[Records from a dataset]
········

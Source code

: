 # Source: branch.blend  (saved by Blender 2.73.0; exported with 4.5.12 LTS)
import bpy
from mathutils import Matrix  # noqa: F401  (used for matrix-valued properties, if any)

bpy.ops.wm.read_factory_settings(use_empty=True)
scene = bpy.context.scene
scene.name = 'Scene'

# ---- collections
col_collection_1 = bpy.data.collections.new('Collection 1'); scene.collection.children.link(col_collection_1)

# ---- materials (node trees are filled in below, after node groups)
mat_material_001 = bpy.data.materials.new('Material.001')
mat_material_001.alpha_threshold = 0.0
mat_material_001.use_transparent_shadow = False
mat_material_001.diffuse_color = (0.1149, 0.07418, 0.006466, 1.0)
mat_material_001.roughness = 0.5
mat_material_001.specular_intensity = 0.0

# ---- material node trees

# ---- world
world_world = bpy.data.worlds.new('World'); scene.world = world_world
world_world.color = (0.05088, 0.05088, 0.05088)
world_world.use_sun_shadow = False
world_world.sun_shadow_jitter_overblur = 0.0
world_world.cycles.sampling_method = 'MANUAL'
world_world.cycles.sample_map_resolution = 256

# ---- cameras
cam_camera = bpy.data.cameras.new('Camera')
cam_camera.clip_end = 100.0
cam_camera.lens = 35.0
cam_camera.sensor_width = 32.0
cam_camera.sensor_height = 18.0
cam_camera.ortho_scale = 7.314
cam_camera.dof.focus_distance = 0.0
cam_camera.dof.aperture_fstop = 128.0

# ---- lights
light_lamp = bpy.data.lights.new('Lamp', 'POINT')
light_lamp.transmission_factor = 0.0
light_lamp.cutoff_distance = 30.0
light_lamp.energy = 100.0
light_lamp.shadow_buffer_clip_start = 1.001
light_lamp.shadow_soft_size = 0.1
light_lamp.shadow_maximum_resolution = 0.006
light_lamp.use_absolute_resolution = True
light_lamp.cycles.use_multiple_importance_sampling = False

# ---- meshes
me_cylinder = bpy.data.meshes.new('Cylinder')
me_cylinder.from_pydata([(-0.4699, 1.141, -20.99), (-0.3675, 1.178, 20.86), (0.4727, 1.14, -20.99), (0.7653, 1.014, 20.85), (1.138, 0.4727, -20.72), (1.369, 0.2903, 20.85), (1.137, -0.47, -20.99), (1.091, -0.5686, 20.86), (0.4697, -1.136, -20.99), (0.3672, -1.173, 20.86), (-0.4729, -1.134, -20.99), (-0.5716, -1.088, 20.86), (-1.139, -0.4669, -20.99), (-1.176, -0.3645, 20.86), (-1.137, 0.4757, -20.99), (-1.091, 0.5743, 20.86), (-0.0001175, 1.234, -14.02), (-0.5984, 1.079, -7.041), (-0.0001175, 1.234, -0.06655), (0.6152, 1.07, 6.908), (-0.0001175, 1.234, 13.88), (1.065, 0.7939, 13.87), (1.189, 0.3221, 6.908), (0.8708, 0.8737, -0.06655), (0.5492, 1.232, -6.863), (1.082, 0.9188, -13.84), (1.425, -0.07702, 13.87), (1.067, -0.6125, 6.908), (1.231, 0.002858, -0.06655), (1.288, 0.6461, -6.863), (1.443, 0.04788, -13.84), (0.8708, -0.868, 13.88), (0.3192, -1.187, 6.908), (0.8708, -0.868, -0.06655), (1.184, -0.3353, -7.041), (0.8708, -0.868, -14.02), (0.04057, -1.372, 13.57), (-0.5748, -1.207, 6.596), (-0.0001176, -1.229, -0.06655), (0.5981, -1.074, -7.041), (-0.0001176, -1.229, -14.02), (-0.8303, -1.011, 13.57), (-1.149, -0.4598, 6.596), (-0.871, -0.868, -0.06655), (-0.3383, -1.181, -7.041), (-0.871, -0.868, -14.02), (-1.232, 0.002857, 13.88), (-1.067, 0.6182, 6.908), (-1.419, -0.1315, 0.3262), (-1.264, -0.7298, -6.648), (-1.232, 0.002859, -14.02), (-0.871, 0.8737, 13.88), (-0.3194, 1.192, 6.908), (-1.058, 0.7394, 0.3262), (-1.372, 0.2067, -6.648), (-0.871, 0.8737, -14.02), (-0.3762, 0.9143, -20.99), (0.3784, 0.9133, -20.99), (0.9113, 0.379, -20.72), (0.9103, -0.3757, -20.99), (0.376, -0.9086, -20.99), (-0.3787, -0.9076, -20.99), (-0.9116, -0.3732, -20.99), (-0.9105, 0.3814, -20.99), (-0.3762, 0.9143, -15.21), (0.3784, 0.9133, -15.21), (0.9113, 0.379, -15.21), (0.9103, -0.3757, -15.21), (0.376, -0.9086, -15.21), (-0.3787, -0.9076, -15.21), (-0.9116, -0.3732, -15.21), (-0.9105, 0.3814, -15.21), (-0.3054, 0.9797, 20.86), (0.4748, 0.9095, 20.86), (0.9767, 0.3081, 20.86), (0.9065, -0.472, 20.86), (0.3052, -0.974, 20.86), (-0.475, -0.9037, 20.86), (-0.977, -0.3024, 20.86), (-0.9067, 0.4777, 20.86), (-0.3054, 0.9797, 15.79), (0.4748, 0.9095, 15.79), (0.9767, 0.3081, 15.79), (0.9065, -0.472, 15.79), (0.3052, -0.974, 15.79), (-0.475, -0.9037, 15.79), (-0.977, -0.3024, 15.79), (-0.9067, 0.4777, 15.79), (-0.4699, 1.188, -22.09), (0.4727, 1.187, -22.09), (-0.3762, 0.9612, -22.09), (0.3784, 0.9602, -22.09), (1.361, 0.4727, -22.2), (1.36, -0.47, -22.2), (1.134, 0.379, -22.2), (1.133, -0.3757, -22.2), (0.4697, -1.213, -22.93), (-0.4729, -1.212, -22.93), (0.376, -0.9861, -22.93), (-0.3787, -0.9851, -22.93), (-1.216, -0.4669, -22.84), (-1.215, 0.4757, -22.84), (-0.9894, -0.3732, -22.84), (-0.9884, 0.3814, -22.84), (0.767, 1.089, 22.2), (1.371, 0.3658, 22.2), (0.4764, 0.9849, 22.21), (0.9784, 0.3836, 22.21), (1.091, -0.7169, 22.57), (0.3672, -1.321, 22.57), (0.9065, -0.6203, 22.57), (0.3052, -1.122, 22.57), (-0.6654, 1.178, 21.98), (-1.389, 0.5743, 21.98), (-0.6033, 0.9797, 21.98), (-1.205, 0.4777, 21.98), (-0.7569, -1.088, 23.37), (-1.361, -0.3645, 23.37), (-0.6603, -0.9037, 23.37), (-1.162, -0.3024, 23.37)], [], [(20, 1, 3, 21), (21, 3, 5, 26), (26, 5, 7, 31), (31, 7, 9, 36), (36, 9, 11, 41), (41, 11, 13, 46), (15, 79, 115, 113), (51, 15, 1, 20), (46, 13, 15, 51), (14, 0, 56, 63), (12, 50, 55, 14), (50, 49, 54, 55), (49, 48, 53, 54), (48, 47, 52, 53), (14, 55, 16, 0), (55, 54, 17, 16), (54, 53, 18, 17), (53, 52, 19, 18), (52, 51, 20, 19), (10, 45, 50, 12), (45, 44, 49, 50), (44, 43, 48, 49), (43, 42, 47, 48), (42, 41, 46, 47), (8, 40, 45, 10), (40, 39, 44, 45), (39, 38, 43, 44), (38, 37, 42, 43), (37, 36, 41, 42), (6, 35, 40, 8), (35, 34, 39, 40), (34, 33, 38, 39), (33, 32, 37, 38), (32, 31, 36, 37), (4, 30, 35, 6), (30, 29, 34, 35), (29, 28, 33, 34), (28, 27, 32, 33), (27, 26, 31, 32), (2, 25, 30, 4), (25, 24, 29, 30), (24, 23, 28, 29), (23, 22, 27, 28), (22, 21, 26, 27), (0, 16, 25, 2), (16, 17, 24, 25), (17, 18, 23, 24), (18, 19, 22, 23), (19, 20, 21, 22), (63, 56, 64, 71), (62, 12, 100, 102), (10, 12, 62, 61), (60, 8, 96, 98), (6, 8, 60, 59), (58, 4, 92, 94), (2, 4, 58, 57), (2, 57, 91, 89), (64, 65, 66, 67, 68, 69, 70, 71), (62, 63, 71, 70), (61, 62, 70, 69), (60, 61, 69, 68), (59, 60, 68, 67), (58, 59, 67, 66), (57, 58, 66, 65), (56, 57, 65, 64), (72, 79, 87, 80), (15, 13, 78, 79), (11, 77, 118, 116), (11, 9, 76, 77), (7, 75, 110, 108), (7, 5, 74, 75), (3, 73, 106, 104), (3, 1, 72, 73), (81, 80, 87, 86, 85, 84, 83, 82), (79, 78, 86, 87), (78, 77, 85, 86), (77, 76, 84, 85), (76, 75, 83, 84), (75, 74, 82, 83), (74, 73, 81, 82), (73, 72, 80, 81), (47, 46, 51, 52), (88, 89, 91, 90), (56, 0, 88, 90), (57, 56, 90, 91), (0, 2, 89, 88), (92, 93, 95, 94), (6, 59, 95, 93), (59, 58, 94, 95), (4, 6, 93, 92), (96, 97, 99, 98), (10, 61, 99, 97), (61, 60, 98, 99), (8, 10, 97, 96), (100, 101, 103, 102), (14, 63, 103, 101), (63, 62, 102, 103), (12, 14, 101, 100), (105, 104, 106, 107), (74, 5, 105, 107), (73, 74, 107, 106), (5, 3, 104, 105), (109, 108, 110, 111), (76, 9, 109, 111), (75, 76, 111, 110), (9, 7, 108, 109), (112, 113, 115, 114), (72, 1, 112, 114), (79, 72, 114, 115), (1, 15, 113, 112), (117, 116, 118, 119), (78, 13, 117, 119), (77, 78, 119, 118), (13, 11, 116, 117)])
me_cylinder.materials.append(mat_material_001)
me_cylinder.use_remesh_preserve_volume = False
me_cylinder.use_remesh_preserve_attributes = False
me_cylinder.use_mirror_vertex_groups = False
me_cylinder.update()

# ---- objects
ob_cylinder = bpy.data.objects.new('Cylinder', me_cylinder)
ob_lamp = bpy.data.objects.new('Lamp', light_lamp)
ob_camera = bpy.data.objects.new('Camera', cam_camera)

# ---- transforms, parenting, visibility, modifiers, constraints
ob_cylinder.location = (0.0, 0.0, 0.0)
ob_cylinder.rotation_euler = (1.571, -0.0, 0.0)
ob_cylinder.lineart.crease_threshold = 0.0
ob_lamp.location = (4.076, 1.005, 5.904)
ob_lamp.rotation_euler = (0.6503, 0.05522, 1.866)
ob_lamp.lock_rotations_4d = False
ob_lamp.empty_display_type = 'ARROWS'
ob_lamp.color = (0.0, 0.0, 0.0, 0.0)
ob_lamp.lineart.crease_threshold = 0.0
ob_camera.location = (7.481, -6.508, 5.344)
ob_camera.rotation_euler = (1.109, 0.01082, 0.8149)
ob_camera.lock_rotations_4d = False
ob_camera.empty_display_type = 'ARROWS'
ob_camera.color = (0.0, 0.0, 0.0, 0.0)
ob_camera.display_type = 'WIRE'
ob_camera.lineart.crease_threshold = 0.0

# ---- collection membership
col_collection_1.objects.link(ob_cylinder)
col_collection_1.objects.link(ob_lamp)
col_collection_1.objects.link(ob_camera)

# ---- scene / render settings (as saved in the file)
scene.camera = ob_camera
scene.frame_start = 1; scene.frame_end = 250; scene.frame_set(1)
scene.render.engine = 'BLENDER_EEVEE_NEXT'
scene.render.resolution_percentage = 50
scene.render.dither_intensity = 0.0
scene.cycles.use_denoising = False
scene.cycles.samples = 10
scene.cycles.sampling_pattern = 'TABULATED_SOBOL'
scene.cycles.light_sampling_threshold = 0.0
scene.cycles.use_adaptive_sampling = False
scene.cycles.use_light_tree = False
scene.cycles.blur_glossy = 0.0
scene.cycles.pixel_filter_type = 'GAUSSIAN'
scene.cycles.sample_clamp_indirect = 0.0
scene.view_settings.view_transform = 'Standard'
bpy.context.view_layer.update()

········

• YOUR TASK
Each line in the data that holds the string "update" must be returned.

• RESPONSE
me_cylinder.update()
bpy.context.view_layer.update()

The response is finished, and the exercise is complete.